Presentation details:
Poster Presentation: Anti-c-kit CAR-T Cells Enable HSC Engraftment in a Humanized Model of Stem Cell Transplant Conditioning
Session Title: Cell Therapies II
Session Date/Time: Tuesday, May 17, 2022, 5:30 – 6:30 PM ET
Poster Board Number: Tu-239
Location: Walter E. Washington Convention Center, Hall D
Abstract Number: 734
P-ckit-ALLO1 leverages the Company’s proprietary piggyBac Gene Delivery System, Cas-CLOVER Site-specific Gene Editing System, and a proprietary "Booster Molecule" to develop fully allogeneic CAR-T cells targeting human c-kit, which is highly expressed on HSCs as well as on myeloid malignancies such as AML, meaning the treatment can be used for either HSC transplant conditioning or as a treatment for AML. In addition to the CAR gene, the piggyBac transposon includes a selection marker for generation of a pure CAR+ product and a proprietary fast-acting safety switch enabling rapid clearance of the reactive CAR-T cells prior to donor HSC transplant.
Data demonstrated that P-ckit-ALLO1 was able to eliminate 95% of HSCs in bone marrow within four days, which was sufficient to enable HSC transplant in a humanized mouse model with reduced acute myelotoxicity compared to busulfan.
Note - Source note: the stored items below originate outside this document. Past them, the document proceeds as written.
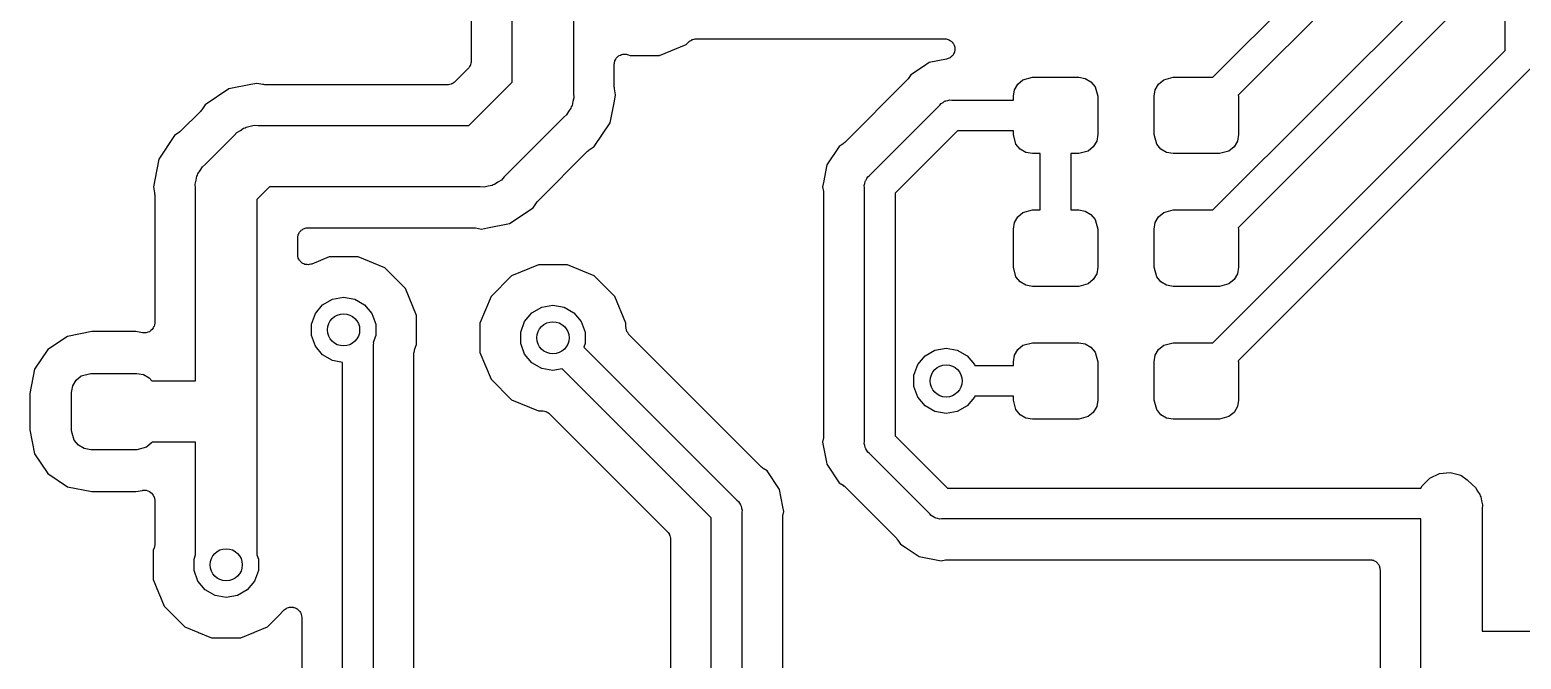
# Model space of a CAD drawing. Extents: x 40 to 164, y -163 to -60.
# Drawn here: x 109.19 to 127.74, y -101.12 to -93.3 of the extents above; entities that cross this region are included whole.
import ezdxf

# ---------------------------------------------------------------- set-up
doc = ezdxf.new("R2010")
doc.units = 0
doc.header["$MEASUREMENT"] = 0
doc.layers.add('BLACK', color=7, linetype='CONTINUOUS')

msp = doc.modelspace()

# ---------------------------------------------------------------- linework, layer by layer
at = {"layer": 'BLACK', "linetype": 'CONTINUOUS'}
for p, q in [((115.189, -93.9492), (115.189, -81.0509)), ((115.951, -81.0509), (115.951, -94.0904)), ((114.681, -81.3507), (114.681, -93.6862)), ((127.539, -93.5521), (127.539, -91.5797)), ((123.904, -93.886), (125.54, -92.2501)), ((125.859, -92.4696), (124.219, -94.1092)), ((123.904, -95.537), (126.539, -92.9011)), ((126.859, -93.1206), (124.219, -95.7602)), ((117.354, -93.4798), (117.388, -93.4457)), ((117.388, -93.4457), (117.393, -93.4425)), ((117.393, -93.4425), (117.397, -93.4382)), ((117.397, -93.4382), (117.411, -93.4299)), ((117.411, -93.4299), (117.425, -93.4204)), ((117.425, -93.4204), (117.43, -93.419)), ((117.43, -93.419), (117.435, -93.4162)), ((117.435, -93.4162), (117.451, -93.4133)), ((117.451, -93.4133), (117.467, -93.409)), ((117.467, -93.409), (117.473, -93.4095)), ((117.473, -93.4095), (117.478, -93.4085)), ((117.478, -93.4085), (120.569, -93.4085)), ((120.569, -93.4085), (120.578, -93.4102)), ((120.578, -93.4102), (120.588, -93.41)), ((120.588, -93.41), (120.6, -93.414)), ((120.6, -93.414), (120.612, -93.4162)), ((120.612, -93.4162), (120.621, -93.421)), ((120.621, -93.421), (120.63, -93.4242)), ((120.63, -93.4242), (120.64, -93.432)), ((120.64, -93.432), (120.65, -93.4382)), ((120.65, -93.4382), (120.657, -93.4457)), ((120.657, -93.4457), (120.664, -93.4518)), ((120.664, -93.4518), (120.671, -93.4624)), ((120.671, -93.4624), (120.679, -93.472)), ((120.679, -93.472), (120.682, -93.4811)), ((116.474, -93.6696), (116.479, -93.6568)), ((116.479, -93.6568), (116.485, -93.6507)), ((116.485, -93.6507), (116.489, -93.6434)), ((116.489, -93.6434), (116.499, -93.6345)), ((116.499, -93.6345), (116.509, -93.6243)), ((116.509, -93.6243), (116.516, -93.6205)), ((116.516, -93.6205), (116.522, -93.6151)), ((116.522, -93.6151), (116.536, -93.6103)), ((116.536, -93.6103), (116.548, -93.6039)), ((116.548, -93.6039), (116.556, -93.6029)), ((116.556, -93.6029), (116.564, -93.6)), ((116.564, -93.6), (116.578, -93.6)), ((116.578, -93.6), (116.592, -93.5982)), ((116.592, -93.5982), (116.6, -93.6)), ((116.6, -93.6), (116.608, -93.6)), ((116.608, -93.6), (116.621, -93.6047)), ((116.621, -93.6047), (116.635, -93.6077)), ((116.635, -93.6077), (116.659, -93.618)), ((116.659, -93.618), (117.021, -93.618)), ((117.021, -93.618), (117.354, -93.4798)), ((120.593, -93.6601), (120.377, -93.703)), ((120.603, -93.6565), (120.593, -93.6601)), ((120.612, -93.6548), (120.603, -93.6565)), ((120.623, -93.6486), (120.612, -93.6548)), ((120.635, -93.6441), (120.623, -93.6486)), ((120.642, -93.6377), (120.635, -93.6441)), ((120.65, -93.6328), (120.642, -93.6377)), ((120.658, -93.6232), (120.65, -93.6328)), ((120.668, -93.615), (120.658, -93.6232)), ((120.672, -93.6065), (120.668, -93.615)), ((120.679, -93.599), (120.672, -93.6065)), ((120.683, -93.5873), (120.679, -93.599)), ((120.682, -93.4811), (120.687, -93.4895)), ((120.689, -93.5763), (120.683, -93.5873)), ((120.687, -93.4895), (120.689, -93.5017)), ((120.689, -93.5017), (120.694, -93.5134)), ((120.69, -93.5667), (120.689, -93.5763)), ((120.694, -93.5576), (120.69, -93.5667)), ((120.694, -93.5134), (120.694, -93.5232)), ((120.694, -93.5232), (120.696, -93.5327)), ((120.696, -93.5327), (120.694, -93.5451)), ((120.694, -93.5451), (120.694, -93.5576)), ((123.904, -97.188), (127.539, -93.5521)), ((114.644, -93.776), (114.477, -93.9428)), ((114.647, -93.7714), (114.644, -93.776)), ((114.651, -93.7678), (114.647, -93.7714)), ((114.66, -93.7534), (114.651, -93.7678)), ((114.669, -93.7398), (114.66, -93.7534)), ((114.671, -93.7344), (114.669, -93.7398)), ((114.673, -93.7296), (114.671, -93.7344)), ((114.676, -93.7133), (114.673, -93.7296)), ((114.681, -93.6972), (114.676, -93.7133)), ((114.681, -93.6862), (114.68, -93.6917)), ((114.68, -93.6917), (114.681, -93.6972)), ((116.459, -93.7251), (116.461, -93.7114)), ((116.459, -94.0069), (116.459, -93.7251)), ((116.461, -93.7114), (116.462, -93.6976)), ((116.462, -93.6976), (116.465, -93.6899)), ((116.465, -93.6899), (116.467, -93.6816)), ((116.467, -93.6816), (116.474, -93.6696)), ((120.304, -93.7519), (120.146, -93.8574)), ((120.377, -93.703), (120.304, -93.7519)), ((120.304, -93.7519), (120.304, -93.7519)), ((127.859, -93.7716), (124.219, -97.4112)), ((111.667, -94.0316), (111.373, -94.2281)), ((111.939, -93.9776), (111.667, -94.0316)), ((112.014, -93.9626), (111.939, -93.9776)), ((111.939, -93.9776), (111.939, -93.9776)), ((112.089, -93.9776), (112.014, -93.9626)), ((112.102, -93.9778), (112.089, -93.9776)), ((112.114, -93.98), (112.102, -93.9778)), ((114.387, -93.98), (112.114, -93.98)), ((114.393, -93.979), (114.387, -93.98)), ((114.398, -93.9795), (114.393, -93.979)), ((114.414, -93.9752), (114.398, -93.9795)), ((114.431, -93.9723), (114.414, -93.9752)), ((114.435, -93.9695), (114.431, -93.9723)), ((114.441, -93.9681), (114.435, -93.9695)), ((114.454, -93.9586), (114.441, -93.9681)), ((114.469, -93.9503), (114.454, -93.9586)), ((114.472, -93.946), (114.469, -93.9503)), ((114.477, -93.9428), (114.472, -93.946)), ((114.65, -94.488), (115.189, -93.9492)), ((116.461, -94.0192), (116.459, -94.0069)), ((116.461, -94.0317), (116.461, -94.0192)), ((116.476, -94.107), (116.461, -94.0317)), ((120.099, -93.9246), (119.325, -94.6986)), ((120.106, -93.9143), (120.099, -93.9246)), ((120.114, -93.9053), (120.106, -93.9143)), ((120.146, -93.8574), (120.114, -93.9053)), ((121.437, -94.0423), (121.479, -93.9708)), ((121.479, -93.9708), (121.542, -93.9178)), ((121.542, -93.9178), (121.66, -93.886)), ((121.66, -93.886), (122.235, -93.886)), ((122.235, -93.886), (122.317, -93.9003)), ((122.317, -93.9003), (122.388, -93.9416)), ((122.388, -93.9416), (122.441, -94.0048)), ((122.441, -94.0048), (122.473, -94.1235)), ((123.187, -94.0423), (123.229, -93.9708)), ((123.229, -93.9708), (123.292, -93.9178)), ((123.292, -93.9178), (123.41, -93.886)), ((123.41, -93.886), (123.904, -93.886)), ((115.942, -94.1895), (115.934, -94.2393)), ((115.955, -94.1407), (115.942, -94.1895)), ((115.951, -94.0904), (115.955, -94.1407)), ((116.407, -94.4539), (116.461, -94.1823)), ((116.461, -94.1823), (116.476, -94.107)), ((116.461, -94.1823), (116.461, -94.1823)), ((120.509, -94.2322), (120.526, -94.2128)), ((120.526, -94.2128), (120.548, -94.2002)), ((120.548, -94.2002), (120.568, -94.1857)), ((120.568, -94.1857), (120.576, -94.1835)), ((120.576, -94.1835), (120.584, -94.1792)), ((120.584, -94.1792), (120.609, -94.1748)), ((120.609, -94.1748), (120.633, -94.1683)), ((120.633, -94.1683), (120.658, -94.1705)), ((120.658, -94.1705), (121.423, -94.1705)), ((121.423, -94.1235), (121.437, -94.0423)), ((121.423, -94.1705), (121.423, -94.1235)), ((122.473, -94.1235), (122.473, -94.5985)), ((123.173, -94.1235), (123.187, -94.0423)), ((123.173, -94.5985), (123.173, -94.1235)), ((124.219, -94.1092), (124.223, -94.1235)), ((124.223, -94.1235), (124.223, -94.5985)), ((111.315, -94.3111), (111.075, -94.5506)), ((111.322, -94.3009), (111.315, -94.3111)), ((111.33, -94.2919), (111.322, -94.3009)), ((111.373, -94.2281), (111.33, -94.2919)), ((115.828, -94.3882), (115.089, -95.1266)), ((115.866, -94.3557), (115.828, -94.3882)), ((115.892, -94.3119), (115.866, -94.3557)), ((115.921, -94.2705), (115.892, -94.3119)), ((115.925, -94.2541), (115.921, -94.2705)), ((115.934, -94.2393), (115.925, -94.2541)), ((119.632, -95.1094), (120.509, -94.2322)), ((111.056, -94.5664), (110.992, -94.6091)), ((111.065, -94.5578), (111.056, -94.5664)), ((111.075, -94.5506), (111.065, -94.5578)), ((111.733, -94.6113), (111.765, -94.5726)), ((111.765, -94.5726), (111.809, -94.5474)), ((111.809, -94.5474), (111.85, -94.5184)), ((111.85, -94.5184), (111.867, -94.514)), ((111.867, -94.514), (111.882, -94.5055)), ((111.882, -94.5055), (111.931, -94.4967)), ((111.931, -94.4967), (111.98, -94.4836)), ((111.98, -94.4836), (112.031, -94.488)), ((112.031, -94.488), (114.65, -94.488)), ((116.211, -94.7479), (116.407, -94.4539)), ((120.729, -94.5515), (119.951, -95.3289)), ((121.423, -94.5515), (120.729, -94.5515)), ((121.423, -94.5985), (121.423, -94.5515)), ((110.992, -94.6091), (110.796, -94.9031)), ((111.375, -94.9688), (111.733, -94.6113)), ((116.147, -94.7906), (116.211, -94.7479)), ((119.257, -94.7464), (119.103, -94.9775)), ((119.305, -94.7144), (119.257, -94.7464)), ((119.314, -94.7058), (119.305, -94.7144)), ((119.325, -94.6986), (119.314, -94.7058)), ((121.455, -94.7172), (121.423, -94.5985)), ((121.508, -94.7804), (121.455, -94.7172)), ((122.417, -94.7512), (122.354, -94.8042)), ((122.459, -94.6797), (122.417, -94.7512)), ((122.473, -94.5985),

In addition, data demonstrated that P-ckit-ALLO1 was able to significantly inhibit growth of AML cells in animal models and significantly prolong survival. These encouraging data support the potential of anti-c-kit CAR-T cells for use as an alternative and less toxic conditioning regimen to facilitate HSC transplantation as well as a potential anti-tumor therapy.